Runtime: this blueprint adds cluster-autoscaler so the Sovereign scales workers up/down on demand, bounded by the min/max operator chose at launch.

How it wires

Helm subchart: upstream kubernetes/autoscaler/cluster-autoscaler vendor-neutral, multi-cloud cluster-autoscaler. The Hetzner cloud provider ships in the same upstream container image.
Hetzner token: read at HelmRelease apply time from flux-system/cloud-credentials.hcloud-token (the canonical Secret cloud-init writes per ADR-0001 §11.3 — same Secret consumed by Crossplane provider-hcloud + provider-config-hcloud).
Node bootstrap (issue #921): cluster-autoscaler 1.32.x's Hetzner provider requires either HCLOUD_CLUSTER_CONFIG (per-pool JSON, base64) or HCLOUD_CLOUD_INIT (cloud-init.yaml, base64) — it FATALs at startup without one. This chart wires both via extraEnvSecrets against the rendered cluster-autoscaler/hetzner- node-config Secret. Per-Sovereign overlays populate the clusterAutoscalerHcloud.cloudInit value via Flux valuesFrom against flux-system/cloud-credentials.hcloud-cloud-init, which cloud-init at Phase 0 stamps with the base64 of the same worker cloud-init the Phase-0 worker fleet booted with.
Node group: a single canonical pool keyed off the Sovereign's worker SKU + region + cloud-init template. The pool's min is the operator's chosen worker count; max defaults to 10 (overridable per-Sovereign).
Scale-down: 10 minutes idle (cost-saving default).
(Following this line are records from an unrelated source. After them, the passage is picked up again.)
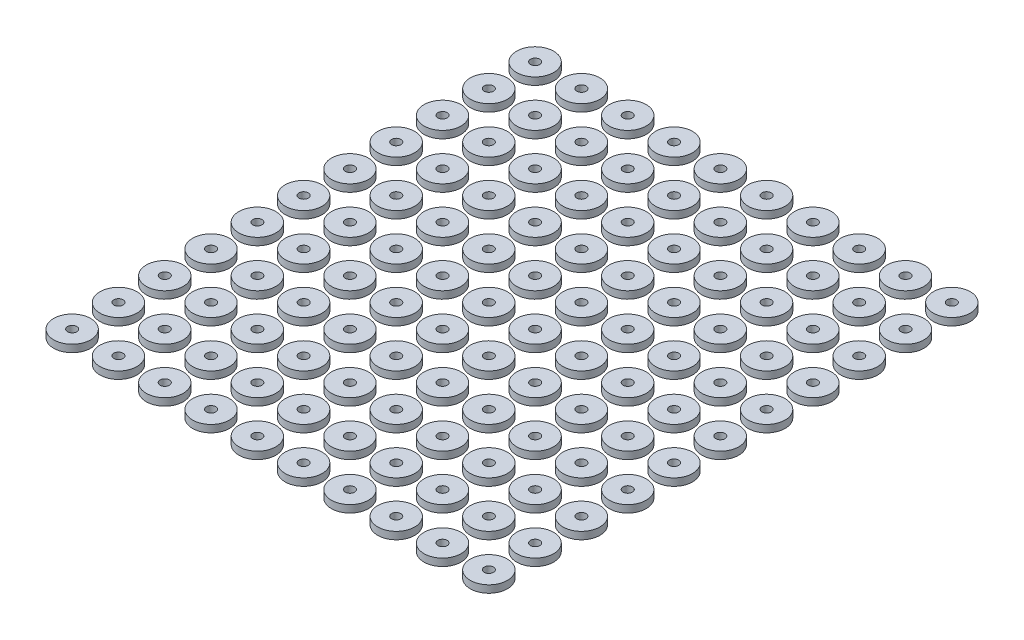
from build123d import *

# Parameters (mm, degrees)
SKETCH1_R           = 4
SKETCH1_R_2         = 1
BOSS_EXTRUDE1_DEPTH = 1.5875


with BuildPart() as part:
    # Sketch1 → Boss-Extrude1 (new body)
    with BuildSketch(Plane(origin=(0, 0, 0), x_dir=(1, 0, 0), z_dir=(0, 1, 0))):
        Circle(SKETCH1_R)
        Circle(SKETCH1_R_2, mode=Mode.SUBTRACT)
        with Locations((10, 0)):
            Circle(SKETCH1_R)
        with Locations((10, 0)):
            Circle(SKETCH1_R_2, mode=Mode.SUBTRACT)
        with Locations((20, 0)):
            Circle(SKETCH1_R)
        with Locations((20, 0)):
            Circle(SKETCH1_R_2, mode=Mode.SUBTRACT)
        with Locations((30, 0)):
            Circle(SKETCH1_R)
        with Locations((30, 0)):
            Circle(SKETCH1_R_2, mode=Mode.SUBTRACT)
        with Locations((40, 0)):
            Circle(SKETCH1_R)
        with Locations((40, 0)):
            Circle(SKETCH1_R_2, mode=Mode.SUBTRACT)
        with Locations((50, 0)):
            Circle(SKETCH1_R)
        with Locations((50, 0)):
            Circle(SKETCH1_R_2, mode=Mode.SUBTRACT)
        with Locations((60, 0)):
            Circle(SKETCH1_R)
        with Locations((60, 0)):
            Circle(SKETCH1_R_2, mode=Mode.SUBTRACT)
        with Locations((70, 0)):
            Circle(SKETCH1_R)
        with Locations((70, 0)):
            Circle(SKETCH1_R_2, mode=Mode.SUBTRACT)
        with Locations((80, 0)):
            Circle(SKETCH1_R)
        with Locations((80, 0)):
            Circle(SKETCH1_R_2, mode=Mode.SUBTRACT)
        with Locations((90, 0)):
            Circle(SKETCH1_R)
        with Locations((90, 0)):
            Circle(SKETCH1_R_2, mode=Mode.SUBTRACT)
        with Locations((10, 10)):
            Circle(SKETCH1_R)
        with Locations((10, 10)):
            Circle(SKETCH1_R_2, mode=Mode.SUBTRACT)
        with Locations((20, 10)):
            Circle(SKETCH1_R)
        with Locations((20, 10)):
            Circle(SKETCH1_R_2, mode=Mode.SUBTRACT)
        with Locations((30, 10)):
            Circle(SKETCH1_R)
        with Locations((30, 10)):
            Circle(SKETCH1_R_2, mode=Mode.SUBTRACT)
        with Locations((40, 10)):
            Circle(SKETCH1_R)
        with Locations((40, 10)):
            Circle(SKETCH1_R_2, mode=Mode.SUBTRACT)
        with Locations((50, 10)):
            Circle(SKETCH1_R)
        with Locations((50, 10)):
            Circle(SKETCH1_R_2, mode=Mode.SUBTRACT)
        with Locations((60, 10)):
            Circle(SKETCH1_R)
        with Locations((60, 10)):
            Circle(SKETCH1_R_2, mode=Mode.SUBTRACT)
        with Locations((70, 10)):
            Circle(SKETCH1_R)
        with Locations((70, 10)):
            Circle(SKETCH1_R_2, mode=Mode.SUBTRACT)
        with Locations((80, 10)):
            Circle(SKETCH1_R)
        with Locations((80, 10)):
            Circle(SKETCH1_R_2, mode=Mode.SUBTRACT)
        with Locations((90, 10)):
            Circle(SKETCH1_R)
        with Locations((90, 10)):
            Circle(SKETCH1_R_2, mode=Mode.SUBTRACT)
        with Locations((10, 20)):
            Circle(SKETCH1_R)
        with Locations((10, 20)):
            Circle(SKETCH1_R_2, mode=Mode.SUBTRACT)
        with Locations((20, 20)):
            Circle(SKETCH1_R)
        with Locations((20, 20)):
            Circle(SKETCH1_R_2, mode=Mode.SUBTRACT)
        with Locations((30, 20)):
            Circle(SKETCH1_R)
        with Locations((30, 20)):
            Circle(SKETCH1_R_2, mode=Mode.SUBTRACT)
        with Locations((40, 20)):
            Circle(SKETCH1_R)
        with Locations((40, 20)):
            Circle(SKETCH1_R_2, mode=Mode.SUBTRACT)
        with Locations((50, 20)):
            Circle(SKETCH1_R)
        with Locations((50, 20)):
            Circle(SKETCH1_R_2, mode=Mode.SUBTRACT)
        with Locations((60, 20)):
            Circle(SKETCH1_R)
        with Locations((60, 20)):
            Circle(SKETCH1_R_2, mode=Mode.SUBTRACT)
        with Locations((70, 20)):
            Circle(SKETCH1_R)
        with Locations((70, 20)):
            Circle(SKETCH1_R_2, mode=Mode.SUBTRACT)
        with Locations((80, 20)):
            Circle(SKETCH1_R)
        with Locations((80, 20)):
            Circle(SKETCH1_R_2, mode=Mode.SUBTRACT)
        with Locations((90, 20)):
            Circle(SKETCH1_R)
        with Locations((90, 20)):
            Circle(SKETCH1_R_2, mode=Mode.SUBTRACT)
        with Locations((10, 30)):
            Circle(SKETCH1_R)
        with Locations((10, 30)):
            Circle(SKETCH1_R_2, mode=Mode.SUBTRACT)
        with Locations((20, 30)):
            Circle(SKETCH1_R)
        with Locations((20, 30)):
            Circle(SKETCH1_R_2, mode=Mode.SUBTRACT)
        with Locations((30, 30)):
            Circle(SKETCH1_R)
        with Locations((30, 30)):
            Circle(SKETCH1_R_2, mode=Mode.SUBTRACT)
        with Locations((40, 30)):
            Circle(SKETCH1_R)
        with Locations((40, 30)):
            Circle(SKETCH1_R_2, mode=Mode.SUBTRACT)
        with Locations((50, 30)):
            Circle(SKETCH1_R)
        with Locations((50, 30)):
            Circle(SKETCH1_R_2, mode=Mode.SUBTRACT)
        with Locations((60, 30)):
            Circle(SKETCH1_R)
        with Locations((60, 30)):
            Circle(SKETCH1_R_2, mode=Mode.SUBTRACT)
        with Locations((70, 30)):
            Circle(SKETCH1_R)
        with Locations((70, 30)):
            Circle(SKETCH1_R_2, mode=Mode.SUBTRACT)
        with Locations((80, 30)):
            Circle(SKETCH1_R)
        with Locations((80, 30)):
            Circle(SKETCH1_R_2, mode=Mode.SUBTRACT)
        with Locations((90, 30)):
            Circle(SKETCH1_R)
        with Locations((90, 30)):
            Circle(SKETCH1_R_2, mode=Mode.SUBTRACT)
        with Locations((10, 40)):
            Circle(SKETCH1_R)
        with Locations((10, 40)):
            Circle(SKETCH1_R_2, mode=Mode.SUBTRACT)
        with Locations((20, 40)):
            Circle(SKETCH1_R)
        with Locations((20, 40)):
            Circle(SKETCH1_R_2, mode=Mode.SUBTRACT)
        with Locations((30, 40)):
            Circle(SKETCH1_R)
        with Locations((30, 40)):
            Circle(SKETCH1_R_2, mode=Mode.SUBTRACT)
        with Locations((40, 40)):
            Circle(SKETCH1_R)
        with Locations((40, 40)):
            Circle(SKETCH1_R_2, mode=Mode.SUBTRACT)
        with Locations((50, 40)):
            Circle(SKETCH1_R)
        with Locations((50, 40)):
            Circle(SKETCH1_R_2, mode=Mode.SUBTRACT)
        with Locations((60, 40)):
            Circle(SKETCH1_R)
        with Locations((60, 40)):
            Circle(SKETCH1_R_2, mode=Mode.SUBTRACT)
        with Locations((70, 40)):
            Circle(SKETCH1_R)
        with Locations((70, 40)):
            Circle(SKETCH1_R_2, mode=Mode.SUBTRACT)
        with Locations((80, 40)):
            Circle(SKETCH1_R)
        with Locations((80, 40)):
            Circle(SKETCH1_R_2, mode=Mode.SUBTRACT)
        with Locations((90, 40)):
            Circle(SKETCH1_R)
        with Locations((90, 40)):
            Circle(SKETCH1_R_2, mode=Mode.SUBTRACT)
        with Locations((10, 50)):
            Circle(SKETCH1_R)
        with Locations((10, 50)):
            Circle(SKETCH1_R_2, mode=Mode.SUBTRACT)
        with Locations((20, 50)):
            Circle(SKETCH1_R)
        with Locations((20, 50)):
            Circle(SKETCH1_R_2, mode=Mode.SUBTRACT)
        with Locations((30, 50)):
            Circle(SKETCH1_R)
        with Locations((30, 50)):
            Circle(SKETCH1_R_2, mode=Mode.SUBTRACT)
        with Locations((40, 50)):
            Circle(SKETCH1_R)
        with Locations((40, 50)):
            Circle(SKETCH1_R_2, mode=Mode.SUBTRACT)
        with Locations((50, 50)):
            Circle(SKETCH1_R)
        with Locations((50, 50)):
            Circle(SKETCH1_R_2, mode=Mode.SUBTRACT)
        with Locations((60, 50)):
            Circle(SKETCH1_R)
        with Locations((60, 50)):
            Circle(SKETCH1_R_2, mode=Mode.SUBTRACT)
        with Locations((70, 50)):
            Circle(SKETCH1_R)
        with Locations((70, 50)):
            Circle(SKETCH1_R_2, mode=Mode.SUBTRACT)
        with Locations((80, 50)):
            Circle(SKETCH1_R)
        with Locations((80, 50)):
            Circle(SKETCH1_R_2, mode=Mode.SUBTRACT)
        with Locations((90, 50)):
            Circle(SKETCH1_R)
        with Locations((90, 50)):
            Circle(SKETCH1_R_2, mode=Mode.SUBTRACT)
        with Locations((10, 60)):
            Circle(SKETCH1_R)
        with Locations((10, 60)):
            Circle(SKETCH1_R_2, mode=Mode.SUBTRACT)
        with Locations((20, 60)):
            Circle(SKETCH1_R)
        with Locations((20, 60)):
            Circle(SKETCH1_R_2, mode=Mode.SUBTRACT)
        with Locations((30, 60)):
            Circle(SKETCH1_R)
        with Locations((30, 60)):
            Circle(SKETCH1_R_2, mode=Mode.SUBTRACT)
        with Locations((40, 60)):
            Circle(SKETCH1_R)
        with Locations((40, 60)):
            Circle(SKETCH1_R_2, mode=Mode.SUBTRACT)
        with Locations((50, 60)):
            Circle(SKETCH1_R)
        with Locations((50, 60)):
            Circle(SKETCH1_R_2, mode=Mode.SUBTRACT)
        with Locations((60, 60)):
            Circle(SKETCH1_R)
        with Locations((60, 60)):
            Circle(SKETCH1_R_2, mode=Mode.SUBTRACT)
        with Locations((70, 60)):
            Circle(SKETCH1_R)
        with Locations((70, 60)):
            Circle(SKETCH1_R_2, mode=Mode.SUBTRACT)
        with Locations((80, 60)):
            Circle(SKETCH1_R)
        with Locations((80, 60)):
            Circle(SKETCH1_R_2, mode=Mode.SUBTRACT)
        with Locations((90, 60)):
            Circle(SKETCH1_R)
        with Locations((90, 60)):
            Circle(SKETCH1_R_2, mode=Mode.SUBTRACT)
        with Locations((10, 70)):
            Circle(SKETCH1_R)
        with Locations((10, 70)):
            Circle(SKETCH1_R_2, mode=Mode.SUBTRACT)
        with Locations((20, 70)):
            Circle(SKETCH1_R)
        with Locations((20, 70)):
            Circle(SKETCH1_R_2, mode=Mode.SUBTRACT)
        with Locations((30, 70)):
            Circle(SKETCH1_R)
        with Locations((30, 70)):
            Circle(SKETCH1_R_2, mode=Mode.SUBTRACT)
        with Locations((40, 70)):
            Circle(SKETCH1_R)
        with Locations((40, 70)):
            Circle(SKETCH1_R_2, mode=Mode.SUBTRACT)
        with Locations((50, 70)):
            Circle(SKETCH1_R)
        with Locations((50, 70)):
            Circle(SKETCH1_R_2, mode=Mode.SUBTRACT)
        with Locations((60, 70)):
            Circle(SKETCH1_R)
        with Locations((60, 70)):
            Circle(SKETCH1_R_2, mode=Mode.SUBTRACT)
        with Locations((70, 70)):
            Circle(SKETCH1_R)
        with Locations((70, 70)):
            Circle(SKETCH1_R_2, mode=Mode.SUBTRACT)
        with Locations((80, 70)):
            Circle(SKETCH1_R)
        with Locations((80, 70)):
            Circle(SKETCH1_R_2, mode=Mode.SUBTRACT)
        with Locations((90, 70)):
            Circle(SKETCH1_R)
        with Locations((90, 70)):
            Circle(SKETCH1_R_2, mode=Mode.SUBTRACT)
        with Locations((10, 80)):
            Circle(SKETCH1_R)
        with Locations((10, 80)):
            Circle(SKETCH1_R_2, mode=Mode.SUBTRACT)
        with Locations((20, 80)):
            Circle(SKETCH1_R)
        with Locations((20, 80)):
            Circle(SKETCH1_R_2, mode=Mode.SUBTRACT)
        with Locations((30, 80)):
            Circle(SKETCH1_R)
        with Locations((30, 80)):
            Circle(SKETCH1_R_2, mode=Mode.SUBTRACT)
        with Locations((40, 80)):
            Circle(SKETCH1_R)
        with Locations((40, 80)):
            Circle(SKETCH1_R_2, mode=Mode.SUBTRACT)
        with Locations((50, 80)):
            Circle(SKETCH1_R)
        with Locations((50, 80)):
            Circle(SKETCH1_R_2, mode=Mode.SUBTRACT)
        with Locations((60, 80)):
            Circle(SKETCH1_R)
        with Locations((60, 80)):
            Circle(SKETCH1_R_2, mode=Mode.SUBTRACT)
        with Locations((70, 80)):
            Circle(SKETCH1_R)
        with Locations((70, 80)):
            Circle(SKETCH1_R_2, mode=Mode.SUBTRACT)
        with Locations((80, 80)):
            Circle(SKETCH1_R)
        with Locations((80, 80)):
            Circle(SKETCH1_R_2, mode=Mode.SUBTRACT)
        with Locations((90, 80)):
            Circle(SKETCH1_R)
        with Locations((90, 80)):
            Circle(SKETCH1_R_2, mode=Mode.SUBTRACT)
        with Locations((10, 90)):
            Circle(SKETCH1_R)
        with Locations((10, 90)):
            Circle(SKETCH1_R_2, mode=Mode.SUBTRACT)
        with Locations((20, 90)):
            Circle(SKETCH1_R)
        with Locations((20, 90)):
            Circle(SKETCH1_R_2, mode=Mode.SUBTRACT)
        with Locations((30, 90)):
            Circle(SKETCH1_R)
        with Locations((30, 90)):
            Circle(SKETCH1_R_2, mode=Mode.SUBTRACT)
        with Locations((40, 90)):
            Circle(SKETCH1_R)
        with Locations((40, 90)):
            Circle(SKETCH1_R_2, mode=Mode.SUBTRACT)
        with Locations((50, 90)):
            Circle(SKETCH1_R)
        with Locations((50, 90)):
            Circle(SKETCH1_R_2, mode=Mode.SUBTRACT)
        with Locations((60, 90)):
            Circle(SKETCH1_R)
        with Locations((60, 90)):
            Circle(SKETCH1_R_2, mode=Mode.SUBTRACT)
        with Locations((70, 90)):
            Circle(SKETCH1_R)
        with Locations((70, 90)):
            Circle(SKETCH1_R_2, mode=Mode.SUBTRACT)
        with Locations((80, 90)):
            Circle(SKETCH1_R)
        with Locations((80, 90)):
            Circle(SKETCH1_R_2, mode=Mode.SUBTRACT)
        with Locations((90, 90)):
            Circle(SKETCH1_R)
        with Locations((90, 90)):
            Circle(SKETCH1_R_2, mode=Mode.SUBTRACT)
        with Locations((10, 100)):
            Circle(SKETCH1_R)
        with Locations((10, 100)):
            Circle(SKETCH1_R_2, mode=Mode.SUBTRACT)
        with Locations((20, 100)):
            Circle(SKETCH1_R)
        with Locations((20, 100)):
            Circle(SKETCH1_R_2, mode=Mode.SUBTRACT)
        with Locations((30, 100)):
            Circle(SKETCH1_R)
        with Locations((30, 100)):
            Circle(SKETCH1_R_2, mode=Mode.SUBTRACT)
        with Locations((40, 100)):
            Circle(SKETCH1_R)
        with Locations((40, 100)):
            Circle(SKETCH1_R_2, mode=Mode.SUBTRACT)
        with Locations((50, 100)):
            Circle(SKETCH1_R)
        with Locations((50, 100)):
            Circle(SKETCH1_R_2, mode=Mode.SUBTRACT)
        with Locations((60, 100)):
            Circle(SKETCH1_R)
        with Locations((60, 100)):
            Circle(SKETCH1_R_2, mode=Mode.SUBTRACT)
        with Locations((70, 100)):
            Circle(SKETCH1_R)
        with Locations((70, 100)):
            Circle(SKETCH1_R_2, mode=Mode.SUBTRACT)
        with Locations((80, 100)):
            Circle(SKETCH1_R)
        with Locations((80, 100)):
            Circle(SKETCH1_R_2, mode=Mode.SUBTRACT)
        with Locations((90, 100)):
            Circle(SKETCH1_R)
        with Locations((90, 100)):
            Circle(SKETCH1_R_2, mode=Mode.SUBTRACT)
        with Locations((0, 10)):
            Circle(SKETCH1_R)
        with Locations((0, 10)):
            Circle(SKETCH1_R_2, mode=Mode.SUBTRACT)
        with Locations((0, 20)):
            Circle(SKETCH1_R)
        with Locations((0, 20)):
            Circle(SKETCH1_R_2, mode=Mode.SUBTRACT)
        with Locations((0, 30)):
            Circle(SKETCH1_R)
        with Locations((0, 30)):
            Circle(SKETCH1_R_2, mode=Mode.SUBTRACT)
        with Locations((0, 40)):
            Circle(SKETCH1_R)
        with Locations((0, 40)):
            Circle(SKETCH1_R_2, mode=Mode.SUBTRACT)
        with Locations((0, 50)):
            Circle(SKETCH1_R)
        with Locations((0, 50)):
            Circle(SKETCH1_R_2, mode=Mode.SUBTRACT)
        with Locations((0, 60)):
            Circle(SKETCH1_R)
        with Locations((0, 60)):
            Circle(SKETCH1_R_2, mode=Mode.SUBTRACT)
        with Locations((0, 70)):
            Circle(SKETCH1_R)
        with Locations((0, 70)):
            Circle(SKETCH1_R_2, mode=Mode.SUBTRACT)
        with Locations((0, 80)):
            Circle(SKETCH1_R)
        with Locations((0, 80)):
            Circle(SKETCH1_R_2, mode=Mode.SUBTRACT)
        with Locations((0, 90)):
            Circle(SKETCH1_R)
        with Locations((0, 90)):
            Circle(SKETCH1_R_2, mode=Mode.SUBTRACT)
        with Locations((0, 100)):
            Circle(SKETCH1_R)
        with Locations((0, 100)):
            Circle(SKETCH1_R_2, mode=Mode.SUBTRACT)
    extrude(amount=BOSS_EXTRUDE1_DEPTH)


solid = part.part

What this blueprint does NOT do

It does not pre-create extra nodes. Phase 0 (tofu apply) only provisions the min worker count; cluster-autoscaler creates additional workers on-demand against the same Hetzner project.
It does not provision the OpenTofu node-pool template. That restructuring is tracked separately (see follow-up issue) — the MVP shipped in this PR pins the node-group config in chart values and assumes the existing single-pool topology.
It does not autoscale workloads. KEDA (event-driven workload autoscaling) and the kubernetes-builtin HPA (horizontal pod autoscaler) are layered on top; cluster-autoscaler handles the node dimension only.

Upstream pinning

Knob	Value	Notes
Chart	`cluster-autoscaler` (kubernetes/autoscaler)	`9.46.6` — current stable on 2026-05-04
App	`cluster-autoscaler`	`1.32.0` (matches k3s 1.31.x — within +/-1 minor of the Sovereign apiserver)
Cloud provider	`hetzner`	Built into upstream image

Per docs/INVIOLABLE-PRINCIPLES.md #4 (never hardcode), every value is runtime-configurable; cluster overlays in clusters/<sovereign>/ MAY override any of them without rebuilding the OCI artifact.